Evaluate the expression by following steps: - step0: Evaluate: \(\frac{-32x^{2}}{150^{2}}+x\) - step1: Substitute: \(\frac{-32\times 100^{2}}{150^{2}}+100\) - step2: Multiply the terms: \(\frac{-320000}{150^{2}}+100\) - step3: Divide the terms: \(-\frac{128}{3^{2}}+100\) - step4: Evaluate the power: \(-\frac{128}{9}+100\) - step5: Reduce fractions to a common denominator: \(-\frac{128}{9}+\frac{100\times 9}{9}\) - step6: Transform the expression: \(\frac{-128+100\times 9}{9}\) - step7: Multiply the numbers: \(\frac{-128+900}{9}\) - step8: Add the numbers: \(\frac{772}{9}\) Substitute \( x=250 \) into the expression \( \frac{-32 x^{2}}{150^{2}}+x \).
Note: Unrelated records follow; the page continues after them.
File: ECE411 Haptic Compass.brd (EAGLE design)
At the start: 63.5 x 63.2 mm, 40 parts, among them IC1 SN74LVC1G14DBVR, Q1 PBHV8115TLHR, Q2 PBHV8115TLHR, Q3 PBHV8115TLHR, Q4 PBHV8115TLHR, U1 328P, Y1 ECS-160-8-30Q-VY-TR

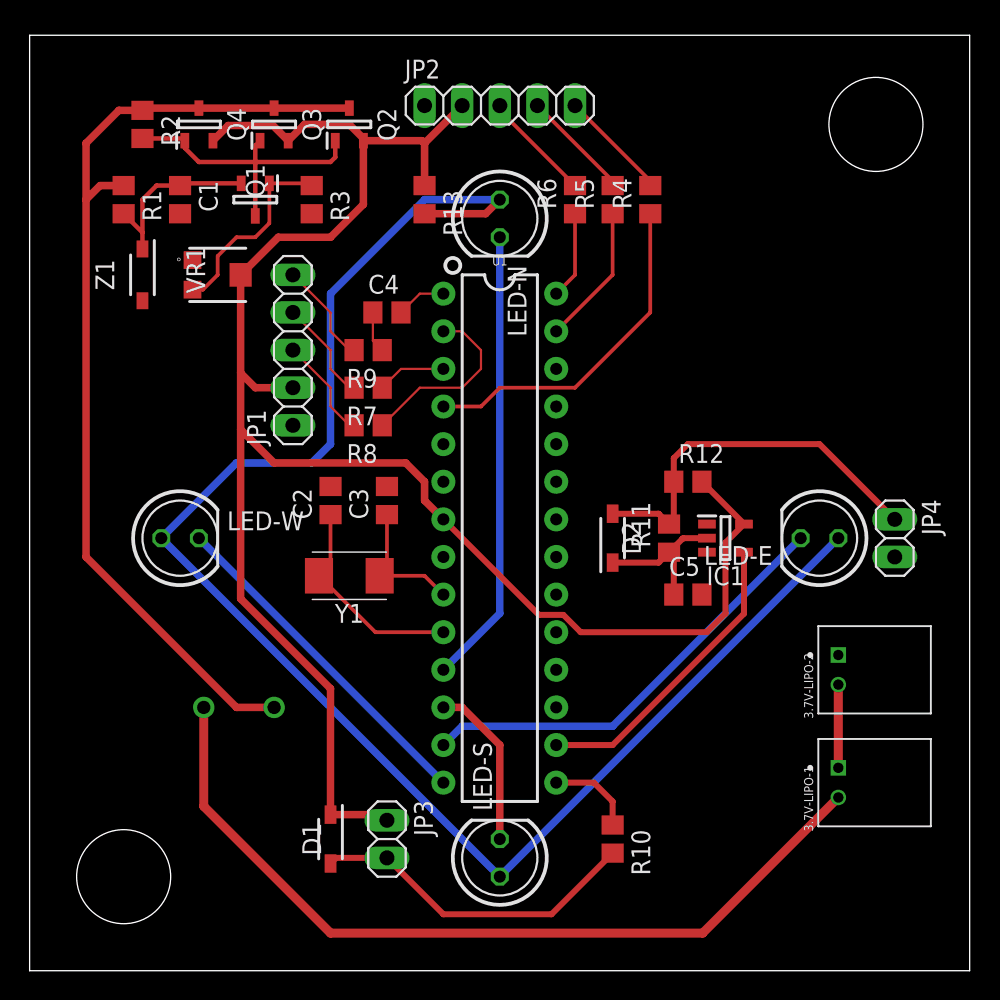
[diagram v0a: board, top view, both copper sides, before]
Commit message: Layout Finish - Ground Plane Added
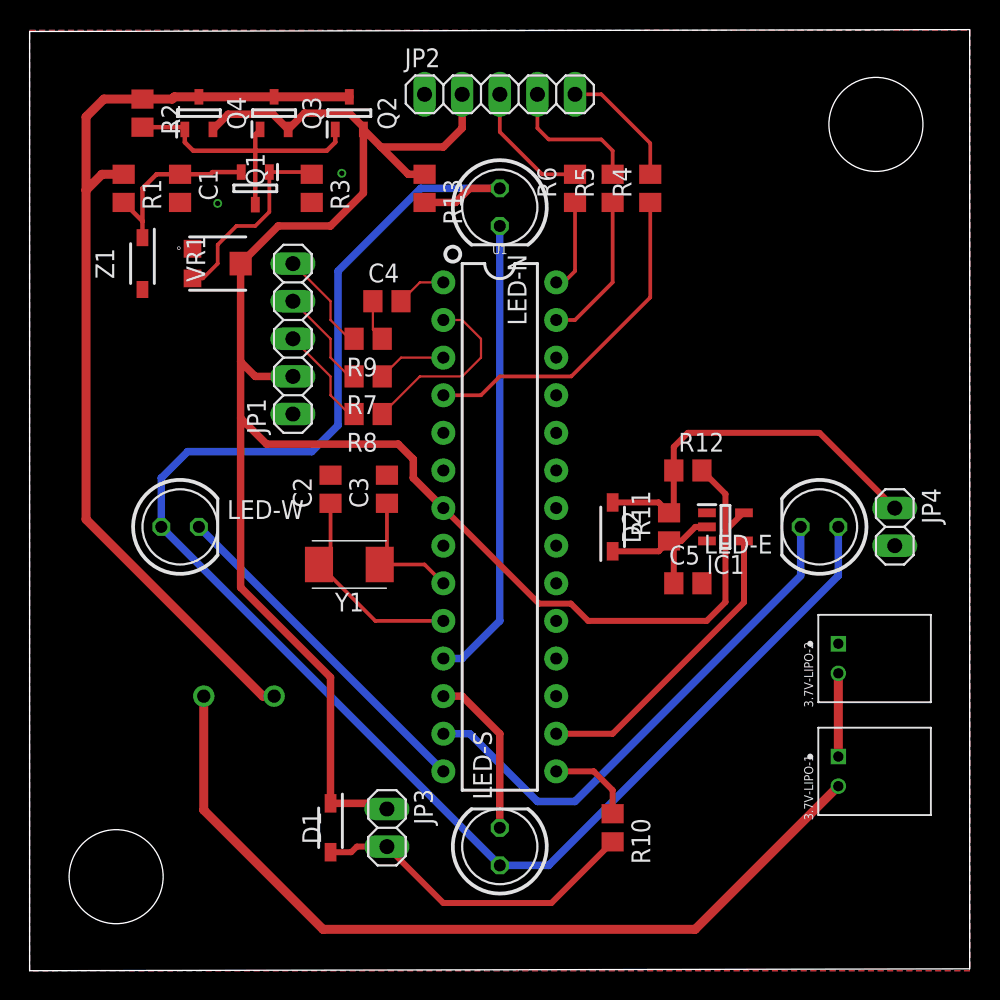
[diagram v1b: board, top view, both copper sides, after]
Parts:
- moved 3.7V-LIPO-1 0.76 mm to (54.6, 13.5)
- moved 3.7V-LIPO-2 0.76 mm to (54.6, 21.1)
- moved C1 0.76 mm to (10.2, 52.8)
- moved C2 0.76 mm to (20.3, 32.5)
- moved C3 0.76 mm to (24.1, 32.5)
- moved C4 0.76 mm to (24.1, 45.2)
- moved C5 0.76 mm to (44.5, 26.2)
- moved D2 0.76 mm to (39.4, 30.0)
- moved IC1 0.76 mm to (47.0, 30.0)
- moved JP1 0.76 mm to (17.8, 42.7)
- moved JP2 0.76 mm to (31.8, 59.2)
- moved JP4 0.76 mm to (58.4, 30.0)
- moved LED-E 0.76 mm to (53.3, 30.0)
- moved LED-N 0.76 mm to (31.8, 51.6)
- moved LED-W 0.76 mm to (10.2, 30.0)
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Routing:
- net LED-EAST: track 29.9 -> 35.6 mm
- net VCC: track 142.3 -> 138.1 mm
- net LED-RAIL: track 108.4 -> 112.4 mm
- net SDA-PORT: track 7.50 -> 9.59 mm
- net SCL-PORT: track 7.50 -> 8.80 mm
- net DRDY-PORT: track 7.50 -> 8.55 mm
- net +V-SUPPLY: track 56.9 -> 57.9 mm
- net SDA: track 9.52 -> 10.3 mm
- net LED-NORTH: track 30.8 -> 31.5 mm
- added copper zone on layer 1, net GND
- added copper zone on layer 16, net GND
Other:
- board size 63.5 x 63.2 mm -> 63.5 x 63.6 mm

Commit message: Placement of switch on top
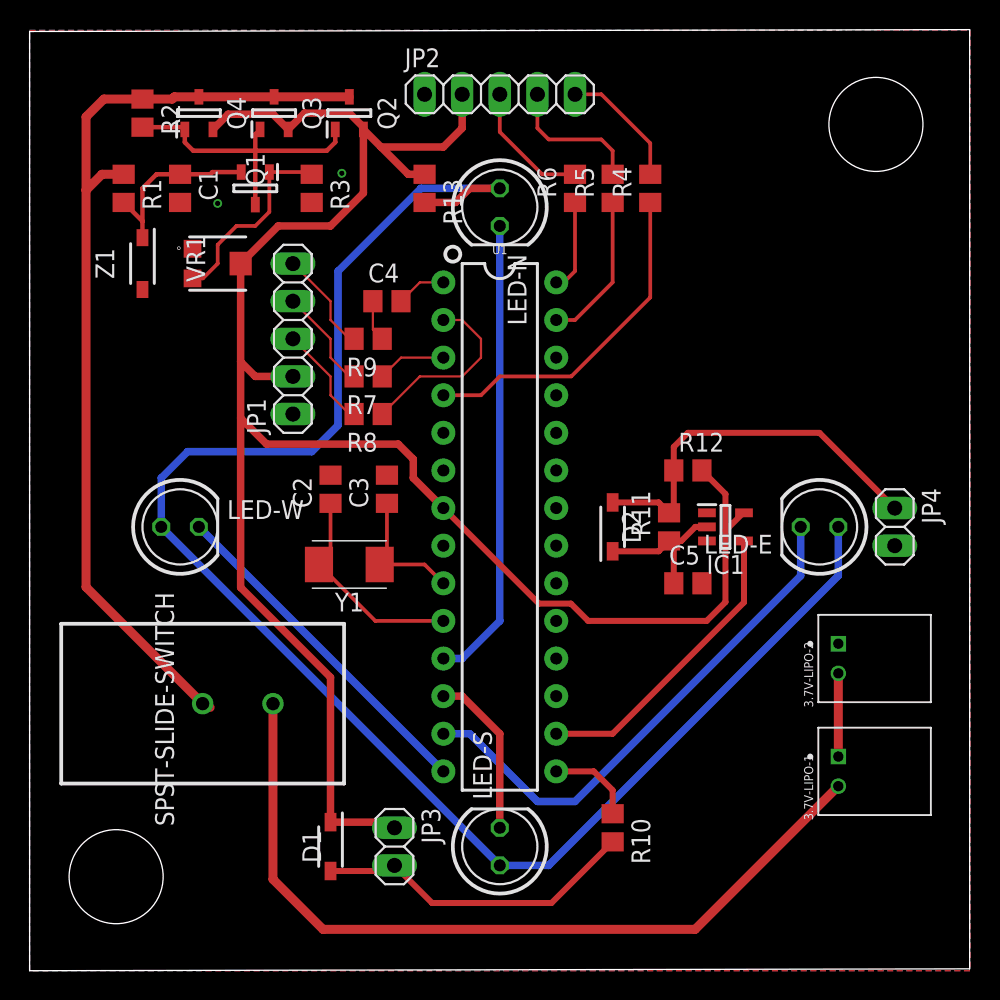
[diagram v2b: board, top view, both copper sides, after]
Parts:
- moved SPST-SLIDE-SWITCH 4.85 mm to (11.7, 18.0), flipped to the top
- moved JP3 1.37 mm to (24.6, 8.38)
- moved D1 1.27 mm to (20.3, 8.38)
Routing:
- net +V-SUPPLY: track 57.9 -> 55.4 mm
- net VCC: track 138.1 -> 139.9 mm
- net BJT-C: track 66.1 -> 64.8 mm
- net JP3-NEG: track 22.5 -> 22.0 mm

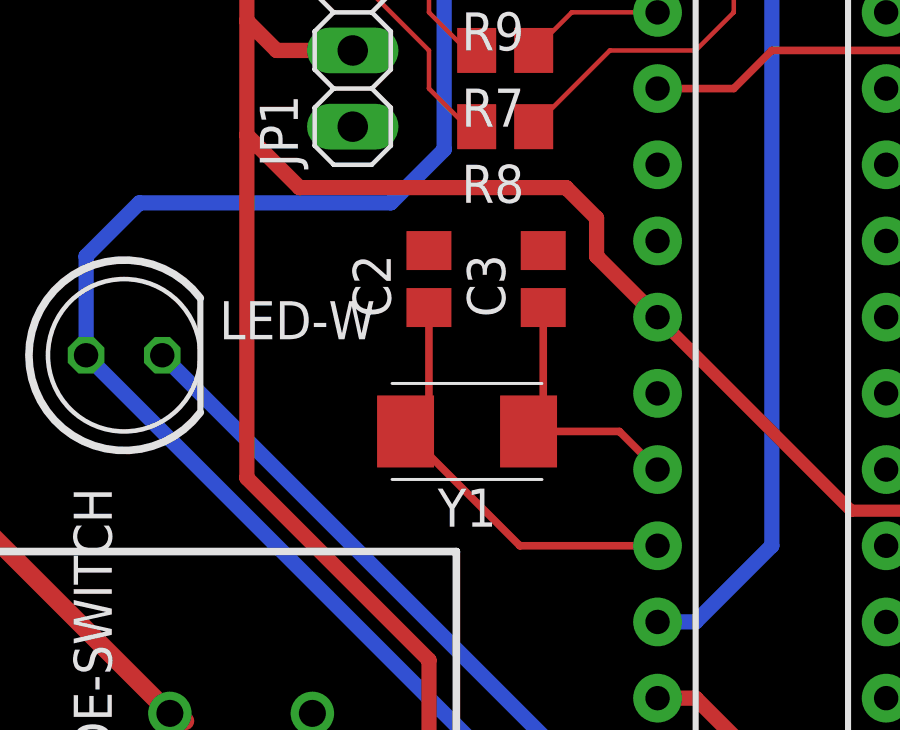
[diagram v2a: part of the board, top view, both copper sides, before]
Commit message: Included 1uF Capacitor next to Vcc for the uPC
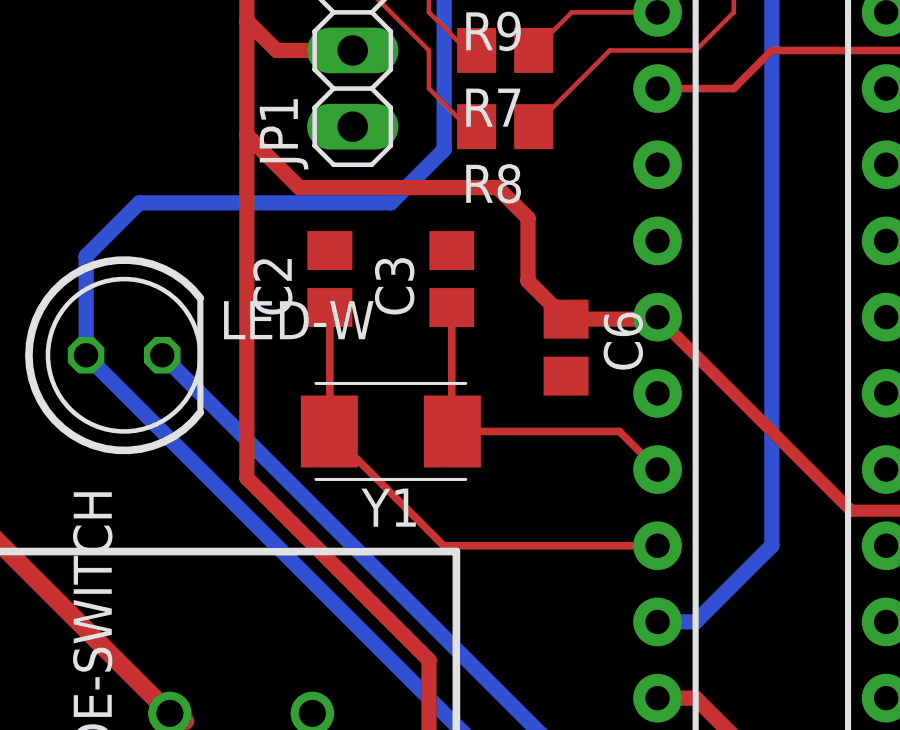
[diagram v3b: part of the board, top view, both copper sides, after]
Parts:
- added C6: 1uF, rcl:C0805
- moved C2 3.30 mm to (17.0, 32.5)
- moved C3 3.05 mm to (21.1, 32.5)
- moved Y1 2.54 mm to (19.1, 27.4)
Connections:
- net GND: now also C6.2
- net VCC: now also C6.1
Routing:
- net N$7: track 9.16 -> 11.5 mm
- net N$5: track 14.4 -> 16.7 mm
- net VCC: track 139.9 -> 140.4 mm
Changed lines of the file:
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@@
 <attribute name="VALUE" x="7.62" y="54.102" size="1.27" layer="27" rot="R270"/>
 </element>
-<element name="C2" library="rcl" library_urn="urn:adsk.eagle:library:334" package="C0805" package3d_urn="urn:adsk.eagle:package:23617/2" value="22pF" x="20.32" y="32.512" smashed="yes" rot="R90">
-<attribute name="NAME" x="19.05" y="31.242" size="1.27" layer="25" rot="R90"/>
-<attribute name="POPULARITY" value="63" x="60.96" y="82.042" size="1.778" layer="27" rot="R90" display="off"/>
-<attribute name="SPICEPREFIX" value="C" x="60.96" y="82.042" size="1.778" layer="27" rot="R90" display="off"/>
-<attribute name="VALUE" x="22.86" y="31.242" size="1.27" layer="27" rot="R90"/>
-</element>
-<element name="C3" library="rcl" library_urn="urn:adsk.eagle:library:334" package="C0805" package3d_urn="urn:adsk.eagle:package:23617/2" value="22pF" x="24.13" y="32.512" smashed="yes" rot="R90">
-<attribute name="NAME" x="22.86" y="31.242" size="1.27" layer="25" rot="R90"/>
-<attribute name="POPULARITY" value="63" x="64.77" y="88.392" size="1.778" layer="27" rot="R90" display="off"/>
-<attribute name="SPICEPREFIX" value="C" x="64.77" y="88.392" size="1.778" layer="27" rot="R90" display="off"/>
-<attribute name="VALUE" x="26.67" y="31.242" size="1.27" layer="27" rot="R90"/>
+<element name="C2" library="rcl" library_urn="urn:adsk.eagle:library:334" package="C0805" package3d_urn="urn:adsk.eagle:package:23617/2" value="22pF" x="17.018" y="32.512" smashed="yes" rot="R90">
+<attribute name="NAME" x="15.748" y="31.242" size="1.27" layer="25" rot="R90"/>
+<attribute name="POPULARITY" value="63" x="57.658" y="82.042" size="1.778" layer="27" rot="R90" display="off"/>
+<attribute name="SPICEPREFIX" value="C" x="57.658" y="82.042" size="1.778" layer="27" rot="R90" display="off"/>
+<attribute name="VALUE" x="19.558" y="31.242" size="1.27" layer="27" rot="R90"/>
+</element>
+<element name="C3" library="rcl" library_urn="urn:adsk.eagle:library:334" package="C0805" package3d_urn="urn:adsk.eagle:package:23617/2" value="22pF" x="21.082" y="32.512" smashed="yes" rot="R90">
+<attribute name="NAME" x="19.812" y="31.242" size="1.27" layer="25" rot="R90"/>
+<attribute name="POPULARITY" value="63" x="61.722" y="88.392" size="1.778" layer="27" rot="R90" display="off"/>
+<attribute name="SPICEPREFIX" value="C" x="61.722" y="88.392" size="1.778" layer="27" rot="R90" display="off"/>
+<attribute name="VALUE" x="23.622" y="31.242" size="1.27" layer="27" rot="R90"/>
 </element>
 <element name="C4" library="rcl" library_urn="urn:adsk.eagle:library:334" package="C0805" package3d_urn="urn:adsk.eagle:package:23617/2" value="100pF" x="24.13" y="45.212" smashed="yes">
@@
 <attribute name="VALUE" x="13.761" y="48.089" size="1.27" layer="27" rot="R270" align="center"/>
 </element>
-<element name="Y1" library="SamacSys_Parts" package="ECS80830QVSTR" value="ECS-160-8-30Q-VY-TR" x="21.59" y="27.432" smashed="yes">
-<attribute name="DESCRIPTION" value="Crystals 16MHz 8pF AEC ESR 50 -40C +150C" x="72.39" y="-25.908" size="1.778" layer="27" display="off"/>
-<attribute name="HEIGHT" value="1.1mm" x="72.39" y="-25.908" size="1.778" layer="27" display="off"/>
-<attribute name="MANUFACTURER_NAME" value="ECS" x="72.39" y="-25.908" size="1.778" layer="27" display="off"/>
-<attribute name="MANUFACTURER_PART_NUMBER" value="ECS-160-8-30Q-VY-TR" x="72.39" y="-25.908" size="1.778" layer="27" display="off"/>
-<attribute name="MOUSER_PART_NUMBER" value="520-160-8-30Q-VYT" x="72.39" y="-25.908" size="1.778" layer="27" display="off"/>
-<attribute name="MOUSER_PRICE-STOCK" value="https://www.mouser.com/Search/Refine.aspx?Keyword=520-160-8-30Q-VYT" x="72.39" y="-25.908" size="1.778" layer="27" display="off"/>
-<attribute name="NAME" x="21.59" y="24.892" size="1.27" layer="25" align="center"/>
-<attribute name="VALUE" x="21.59" y="29.972" size="1.27" layer="27" align="center"/>
+<element name="Y1" library="SamacSys_Parts" package="ECS80830QVSTR" value="ECS-160-8-30Q-VY-TR" x="19.05" y="27.432" smashed="yes">
+<attribute name="DESCRIPTION" value="Crystals 16MHz 8pF AEC ESR 50 -40C +150C" x="69.85" y="-25.908" size="1.778" layer="27" display="off"/>
+<attribute name="HEIGHT" value="1.1mm" x="69.85" y="-25.908" size="1.778" layer="27" display="off"/>
+<attribute name="MANUFACTURER_NAME" value="ECS" x="69.85" y="-25.908" size="1.778" layer="27" display="off"/>
+<attribute name="MANUFACTURER_PART_NUMBER" value="ECS-160-8-30Q-VY-TR" x="69.85" y="-25.908" size="1.778" layer="27" display="off"/>
+<attribute name="MOUSER_PART_NUMBER" value="520-160-8-30Q-VYT" x="69.85" y="-25.908" size="1.778" layer="27" display="off"/>
+<attribute name="MOUSER_PRICE-STOCK" value="https://www.mouser.com/Search/Refine.aspx?Keyword=520-160-8-30Q-VYT" x="69.85" y="-25.908" size="1.778" layer="27" display="off"/>
+<attribute name="NAME" x="19.05" y="24.892" size="1.27" layer="25" align="center"/>
+<attribute name="VALUE" x="19.05" y="29.972" size="1.27" layer="27" align="center"/>
 </element>
 <element name="Z1" library="SamacSys_Parts" package="SOD3716X135N" value="MMSZ4684T1G" x="7.62" y="47.752" smashed="yes" rot="R270">
@@
 <attribute name="NAME" x="5.08" y="47.752" size="1.27" layer="25" rot="R270" align="center"/>
 <attribute name="VALUE" x="8.89" y="47.752" size="1.27" layer="27" rot="R270" align="center"/>
+</element>
+<element name="C6" library="rcl" library_urn="urn:adsk.eagle:library:334" package="C0805" package3d_urn="urn:adsk.eagle:package:23617/2" value="1uF" x="24.892" y="30.226" smashed="yes" rot="R270">
+<attribute name="NAME" x="26.162" y="31.496" size="1.27" layer="25" rot="R270"/>
+<attribute name="POPULARITY" value="63" x="24.892" y="30.226" size="1.778" layer="27" rot="R270" display="off"/>
+<attribute name="SPICEPREFIX" value="C" x="24.892" y="30.226" size="1.778" layer="27" rot="R270" display="off"/>
+<attribute name="VALUE" x="22.352" y="31.496" size="1.27" layer="27" rot="R270"/>
 </element>
 </elements>
@@
 <wire x1="14.25" y1="41.122" x2="15.24" y2="40.132" width="0.508" layer="1"/>
 <wire x1="15.24" y1="40.132" x2="17.78" y2="40.132" width="0.508" layer="1"/>
-<wire x1="24.892" y1="35.56" x2="25.908" y2="34.544" width="0.508" layer="1"/>
-<wire x1="25.908" y1="34.544" x2="25.908" y2="33.274" width="0.508" layer="1"/>
-<wire x1="25.908" y1="33.274" x2="27.94" y2="31.242" width="0.508" layer="1"/>
 <wire x1="14.25" y1="41.122" x2="14.25" y2="37.312" width="0.508" layer="1"/>
 <wire x1="14.25" y1="37.312" x2="16.002" y2="35.56" width="0.508" layer="1"/>
-<wire x1="16.002" y1="35.56" x2="24.892" y2="35.56" width="0.508" layer="1"/>
 <wire x1="14.25" y1="37.312" x2="14.25" y2="25.882" width="0.508" layer="1"/>
 <wire x1="20.32" y1="10.032" x2="24.258" y2="10.032" width="0.508" layer="1"/>
@@
 <wire x1="46.99" y1="29.718" x2="48.194" y2="30.922" width="0.4064" layer="1"/>
 <wire x1="48.194" y1="30.922" x2="48.24" y2="30.922" width="0.4064" layer="1"/>
+<contactref element="C6" pad="1"/>
+<wire x1="16.002" y1="35.56" x2="22.606" y2="35.56" width="0.508" layer="1"/>
+<wire x1="23.622" y1="32.446" x2="24.892" y2="31.176" width="0.508" layer="1"/>
+<wire x1="22.606" y1="35.56" x2="23.622" y2="34.544" width="0.508" layer="1"/>
+<wire x1="23.622" y1="34.544" x2="23.622" y2="32.446" width="0.508" layer="1"/>
+<wire x1="27.94" y1="31.242" x2="27.874" y2="31.176" width="0.508" layer="1"/>
+<wire x1="27.874" y1="31.176" x2="24.892" y2="31.176" width="0.508" layer="1"/>
 </signal>
 <signal name="BATT-SERIES">
@@
 <via x="21.082" y="53.848" extent="1-16" drill="0.35"/>
 <via x="12.7" y="51.816" extent="1-16" drill="0.35"/>
+<contactref element="C6" pad="2"/>
 </signal>
 <signal name="SDA">
@@
 <contactref element="Y1" pad="1"/>
 <contactref element="C2" pad="1"/>
-<wire x1="27.94" y1="23.622" x2="23.35" y2="23.622" width="0.254" layer="1"/>
-<wire x1="23.35" y1="23.622" x2="19.54" y2="27.432" width="0.254" layer="1"/>
-<wire x1="20.32" y1="31.562" x2="20.32" y2="28.212" width="0.254" layer="1"/>
-<wire x1="20.32" y1="28.212" x2="19.54" y2="27.432" width="0.254" layer="1"/>
+<wire x1="27.94" y1="23.622" x2="20.81" y2="23.622" width="0.254" layer="1"/>
+<wire x1="20.81" y1="23.622" x2="17" y2="27.432" width="0.254" layer="1"/>
+<wire x1="17.018" y1="31.562" x2="17.018" y2="27.45" width="0.254" layer="1"/>
+<wire x1="17" y1="27.432" x2="17.018" y2="27.45" width="0.254" layer="1"/>
 </signal>
 <signal name="N$7">
@@
 <contactref element="Y1" pad="2"/>
 <contactref element="C3" pad="1"/>
-<wire x1="24.13" y1="31.562" x2="24.13" y2="27.922" width="0.254" layer="1"/>
-<wire x1="24.13" y1="27.922" x2="23.64" y2="27.432" width="0.254" layer="1"/>
-<wire x1="23.64" y1="27.432" x2="26.67" y2="27.432" width="0.254" layer="1"/>
+<wire x1="21.082" y1="31.562" x2="21.082" y2="27.45" width="0.254" layer="1"/>
+<wire x1="21.1" y1="27.432" x2="21.082" y2="27.45" width="0.254" layer="1"/>
+<wire x1="21.1" y1="27.432" x2="26.67" y2="27.432" width="0.254" layer="1"/>
 <wire x1="26.67" y1="27.432" x2="27.94" y2="26.162" width="0.254" layer="1"/>
 </signal>

Evaluate the expression by following steps: - step0: Evaluate: \(\frac{-32x^{2}}{150^{2}}+x\) - step1: Substitute: \(\frac{-32\times 250^{2}}{150^{2}}+250\) - step2: Multiply the terms: \(\frac{-2000000}{150^{2}}+250\) - step3: Divide the terms: \(-\frac{800}{3^{2}}+250\) - step4: Evaluate the power: \(-\frac{800}{9}+250\) - step5: Reduce fractions to a common denominator: \(-\frac{800}{9}+\frac{250\times 9}{9}\) - step6: Transform the expression: \(\frac{-800+250\times 9}{9}\) - step7: Multiply the numbers: \(\frac{-800+2250}{9}\) - step8: Add the numbers: \(\frac{1450}{9}\) Let's solve the parts step by step. ### Part (a) To find the height of the golf ball after it has traveled 100 feet, we substitute \( x = 100 \) into the height function: \[ h(100) = \frac{-32(100)^{2}}{150^{2}} + 100 \] Calculating this gives: \[ h(100) = \frac{-32 \cdot 10000}{22500} + 100 = \frac{-320000}{22500} + 100 \] This simplifies to: \[ h(100) = -14.2222 + 100 = 85.7778 \] Rounding to two decimal places, we find: \[ h(100) \approx 85.78 \text{ feet} \] ### Part (b) Now, we need to find the height after the golf ball has traveled 250 feet by substituting \( x = 250 \): \[ h(250) = \frac{-32(250)^{2}}{150^{2}} + 250 \] Calculating this gives: \[ h(250) = \frac{-32 \cdot 62500}{22500} + 250 = \frac{-2000000}{22500} + 250 \] This simplifies to: \[ h(250) = -88.8889 + 250 = 161.1111 \] Rounding to two decimal places, we find: \[ h(250) \approx 161.11 \text{ feet} \] ### Summary of Results - (a) The height after traveling 100 feet is \( h \approx 85.78 \) feet. - (b) The height after traveling 250 feet is \( h \approx 161.11 \) feet.